# Brake caliper covers???



## Ozzytheblackcat (Feb 21, 2016)

Hi all any one got or no what these Brembo covers are like. Seems you have to glue them on?! Don't like the sound of that, don't fancy them coming off at speed  
Mite just paint them. 
Any thoughts pls.


----------



## longodds (May 8, 2014)

Hi. I fitted mine- all round- over a year ago and I think they look pretty good, certainly better than painted calipers. I've not had any problems with them- even at 100+  . A fit and forget job.


----------



## NickG (Aug 15, 2013)

longodds said:


> Hi. I fitted mine- all round- over a year ago and I think they look pretty good, certainly better than painted calipers. I've not had any problems with them- even at 100+  . A fit and forget job.


How have they performed whilst overtaking at this speed? :lol:


----------



## Beunhaas (May 14, 2014)

Oh nom nom. Better painted calipers than brembo covers [smiley=bigcry.gif]

Or fit some real brembo calipers


----------



## Garth (Feb 7, 2012)

I've never seen those stick on caliper covers look anything other than comedy. If you want impressive looking Brembo brakes, you're going to have to buy the real thing. 
Saying that, you can still make oem brakes look presentable with a lick of paint :


----------



## YELLOW_TT (Feb 25, 2004)

Garth said:


> I've never seen those stick on caliper covers look anything other than comedy. If you want impressive looking Brembo brakes, you're going to have to buy the real thing.
> Saying that, you can still make oem brakes look presentable with a lick of paint :


As above can't think of anything more CHAV looking than stick on calliper


----------



## Dark Zero (Mar 10, 2016)

I've seen them more often than I would like on my side of the pond. Ironically I've seen them a few times on cars, like a Camaro, that the oem caliper is already a decent size or even stock Brembo. Funnier still, the ones with tiny rotors and the stick on caliper is much larger.


----------



## firediamonduk (Dec 24, 2013)

When i worked in the motor trade a few years ago had a customer come in with an old Fiesta who wanted me to check his rear discs and pads. I had to politely explain that his Fiesta had drums on the back and had a set of terrible hub caps which tried to make it look like it had alloys and big discs, he was very disappointed when he left and i was in stitches as they clearly looked plastic and awful... :lol: :lol:


----------



## Ozzytheblackcat (Feb 21, 2016)

Thanks for the replys think I will go for the paint job at least I know then it ain't going to come off at 70+ lol, any one recommended decent paint?


----------



## CollecTTor (Jan 17, 2014)

Stick on caliper covers? For the love of all that is holy, NO!


----------



## YELLOW_TT (Feb 25, 2004)

Ozzytheblackcat said:


> Thanks for the replys think I will go for the paint job at least I know then it ain't going to come off at 70+ lol, any one recommended decent paint?
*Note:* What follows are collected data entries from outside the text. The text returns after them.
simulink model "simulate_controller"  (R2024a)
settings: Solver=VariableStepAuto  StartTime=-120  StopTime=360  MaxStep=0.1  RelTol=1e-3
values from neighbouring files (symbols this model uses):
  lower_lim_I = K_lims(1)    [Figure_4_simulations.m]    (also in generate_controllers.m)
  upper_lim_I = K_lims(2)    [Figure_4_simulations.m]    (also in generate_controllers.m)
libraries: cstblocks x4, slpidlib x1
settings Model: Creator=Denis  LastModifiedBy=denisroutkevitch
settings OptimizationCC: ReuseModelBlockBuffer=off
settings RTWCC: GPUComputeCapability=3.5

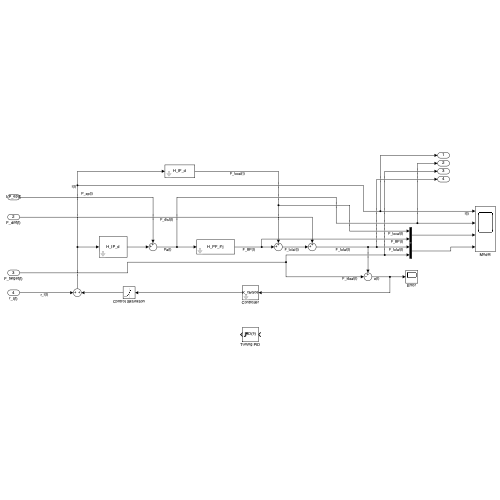
[thumbnail: Simulink's stored preview of the top-level diagram]
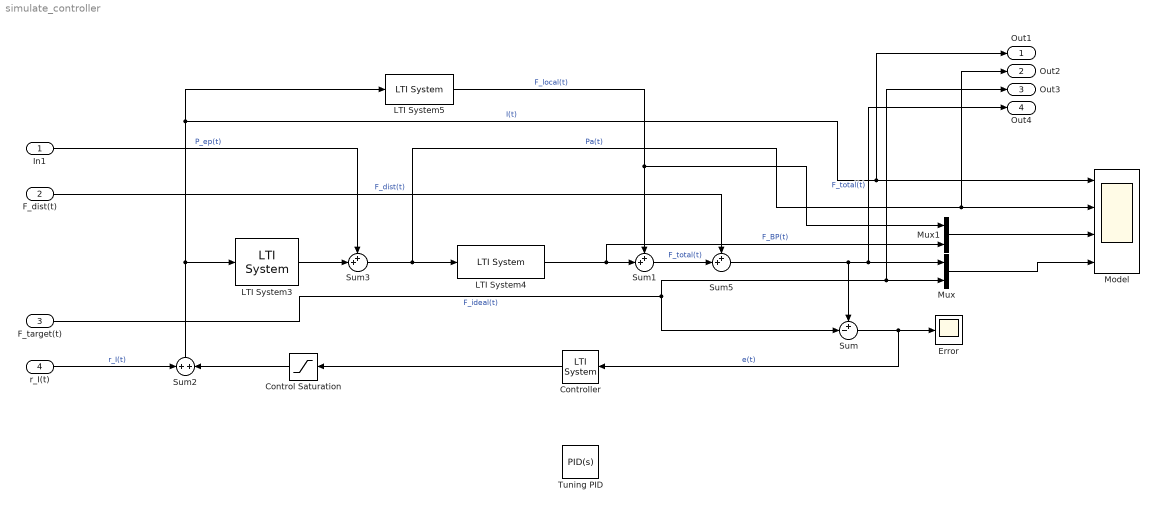
== system simulate_controller ==
  In1 : Inport
  "F_dist(t) " : Inport  Port=2
  F_target(t) : Inport  Port=3
  r_I(t) : Inport  Port=4
  Control Saturation : Saturate  UpperLimit=upper_lim_I  LowerLimit=lower_lim_I
  Controller : cstblocks/LTI System  sys=K_choice  IC=[]  PadeOrder=0
  Error : Scope
  LTI System3 : cstblocks/LTI System  sys=H_IP_d  IC=[]  PadeOrder=0
  LTI System4 : cstblocks/LTI System  sys=H_PF_inj  IC=[]  PadeOrder=0
  LTI System5 : cstblocks/LTI System  sys=H_IF_d  IC=[]  PadeOrder=0
  Model : Scope  NumInputPorts=4
  Mux : Mux  Inputs=2
  Mux1 : Mux  Inputs=2
  Sum : Sum  Inputs=+-|
  Sum1 : Sum  Inputs=++|
  Sum2 : Sum  Inputs=+|+
  Sum3 : Sum  Inputs=++|
  Sum5 : Sum  Inputs=++|
  Tuning PID : slpidlib/PID Controller  Controller=PID  Form=Parallel  TimeDomain=Continuous-time  UseExternalTs=off  SampleTime=-1  IntegratorMethod=Forward Euler  FilterMethod=Forward Euler  ControllerParametersSource=internal  P=-0.000571429039548576  I=-6.4935874741923e-06  UseKiTs=off  D=0.0150267772530542  UseExternalDerivativeSource=off  N=0.0251494937579228  UseFilter=on  TunerSelectOption=Transfer Function Based (PID Tuner App)  InitialConditionSource=internal  InitialConditionForIntegrator=0  InitialConditionForFilter=0  DifferentiatorICPrevScaledInput=0  ExternalReset=none  TrackingMode=off  Kt=1  LimitOutput=on  SatLimitsSource=internal  UpperSaturationLimit=inf  LowerSaturationLimit=-inf  LinearizeAsGain=on  AntiWindupMode=none  Kb=1  LimitIntegrator=off  UpperIntegratorSaturationLimit=inf  LowerIntegratorSaturationLimit=-inf  POutMin=[]  POutMax=[]  IOutMin=[]  IOutMax=[]  DOutMin=[]  DOutMax=[]  NOutMin=[]  NOutMax=[]  SumOutMin=[]  SumOutMax=[]  SaturationOutMin=[]  SaturationOutMax=[]  PParamMin=[]  PParamMax=[]  IParamMin=[]  IParamMax=[]  DParamMin=[]  DParamMax=[]  NParamMin=[]  NParamMax=[]  KbParamMin=[]  KbParamMax=[]  KtParamMin=[]  KtParamMax=[]  KbOutMin=[]  KbOutMax=[]  KtOutMin=[]  KtOutMax=[]  IntegratorOutMin=[]  IntegratorOutMax=[]  FilterOutMin=[]  FilterOutMax=[]  SumI1OutMin=[]  SumI1OutMax=[]  SumI2OutMin=[]  SumI2OutMax=[]  SumI3OutMin=[]  SumI3OutMax=[]  SumI4OutMin=[]  SumI4OutMax=[]  SumDOutMin=[]  SumDOutMax=[]  DifferentiatorOutMin=[]  DifferentiatorOutMax=[]  FilterDiffOutCoefMin=[]  FilterDiffOutCoefMax=[]  ReciprocalOutMin=[]  ReciprocalOutMax=[]  SumDenOutMin=[]  SumDenOutMax=[]  SumNumOutMin=[]  SumNumOutMax=[]  DivideOutMin=[]  DivideOutMax=[]  UdiffTsProdOutMin=[]  UdiffTsProdOutMax=[]  NTsProdOutMin=[]  NTsProdOutMax=[]  UintegralTsProdOutMin=[]  UintegralTsProdOutMax=[]  UngainTsProdOutMin=[]  UngainTsProdOutMax=[]  ClampingZeroOutDataTypeStr=Inherit: Inherit via back propagation  ClampingZeroOutMin=[]  ClampingZeroOutMax=[]  FilterDenConstantOutDataTypeStr=Inherit: Inherit via back propagation  FilterDenConstantOutMin=[]  FilterDenConstantOutMax=[]  PCopyOutDataTypeStr=Inherit: Inherit via back propagation  PCopyOutMin=[]  PCopyOutMax=[]  NCopyOutDataTypeStr=Inherit: Inherit via back propagation  NCopyOutMin=[]  NCopyOutMax=[]  IntegratorContinuousStateAttributes=''  IntegratorStateMustResolveToSignalObject=off  IntegratorRTWStateStorageClass=Auto  FilterContinuousStateAttributes=''  FilterStateMustResolveToSignalObject=off  FilterRTWStateStorageClass=Auto  ParallelPVariant=InternalParameters  IdealPVariant=Disabled  IVariant=InternalParameters  DVariant=InternalParameters  IntegratorVariant=Continuous  SatVariant=Enabled  AWVariant=Passthrough  PCopyVariant=Disabled  TRVariant=Disabled  FdbkBlocksVariant=Forward  IdealPFdbkVariant=Disabled  SatFdbkVariant=Disabled  DerivativeFilterVariant=ContFilter  NVariant=InternalParameters  NCopyVariant=Disabled  FilterICVariant=InternalICsFilter  IntegratorICVariant=InternalICs  ExternalResetVariant=Disabled  TRSumVariant=Passthrough  SumFdbkVariant=Disabled  SumVariant=Sum_PID  TsampFilterVariant=InternalTs  TsampNgainVariant=Passthrough  TsampIntegralVariant=Disabled_SignalSpec  ExternalSaturationOutDataTypeStr=Inherit: Same as second input  DerivativeSourceVariant=ErrorSignal
  Out1 : Outport
  Out2 : Outport  Port=2
  Out3 : Outport  Port=3
  Out4 : Outport  Port=4
  wires:
  Sum/1 -> Controller/1, Error/1  "e(t)"
  r_I(t)/1 -> Sum2/1  "r_I(t)"
  LTI System4/1 -> Mux1/2, Sum1/2  "F_BP(t)"
  LTI System5/1 -> Sum1/1, Mux1/1  "F_local(t)"
  Sum3/1 -> Out2/1, Model/2, LTI System4/1  "Pa(t)"
  LTI System3/1 -> Sum3/2
  Sum5/1 -> Sum/1, Out4/1, Mux/1  "F_total(t)"
  In1/1 -> Sum3/1  "P_ep(t)"
  Sum2/1 -> LTI System5/1, Out1/1, Model/1, LTI System3/1  "I(t)"
  F_target(t)/1 -> Sum/2, Out3/1, Mux/2  "F_ideal(t)"
  Mux/1 -> Model/4
  Mux1/1 -> Model/3
  Control Saturation/1 -> Sum2/2
  "F_dist(t) "/1 -> Sum5/1  "F_dist(t)"
  Sum1/1 -> Sum5/2  "F_total(t)"
  Controller/1 -> Control Saturation/1

I've been using Japlac enamel to paint my calipers for over 20years only problem is they no longer do red, if your wanting red any good enamel paint will be fine


----------



## Ozzytheblackcat (Feb 21, 2016)

Thanks for that mate. I've done my calipers on another car think I used folitech ( wrong spelling prob) just wondered if there was any other decent makes out there in tinternet land


----------



## YELLOW_TT (Feb 25, 2004)

Ozzytheblackcat said:


> Thanks for that mate. I've done my calipers on another car think I used folitech ( wrong spelling prob) just wondered if there was any other decent makes out there in tinternet land


I find the enamels easier to use and cheaper than the kits but just as hard wearing


----------



## longodds (May 8, 2014)

The feeling of shame can sometimes be a very heavy burden to carry, but the decision to spend £6 or £600 on a £1500 car aint.


----------



## Sweetz (Sep 17, 2015)

longodds said:


> The feeling of shame can sometimes be a very heavy burden to carry, but the decision to spend £6 or £600 on a £1500 car aint.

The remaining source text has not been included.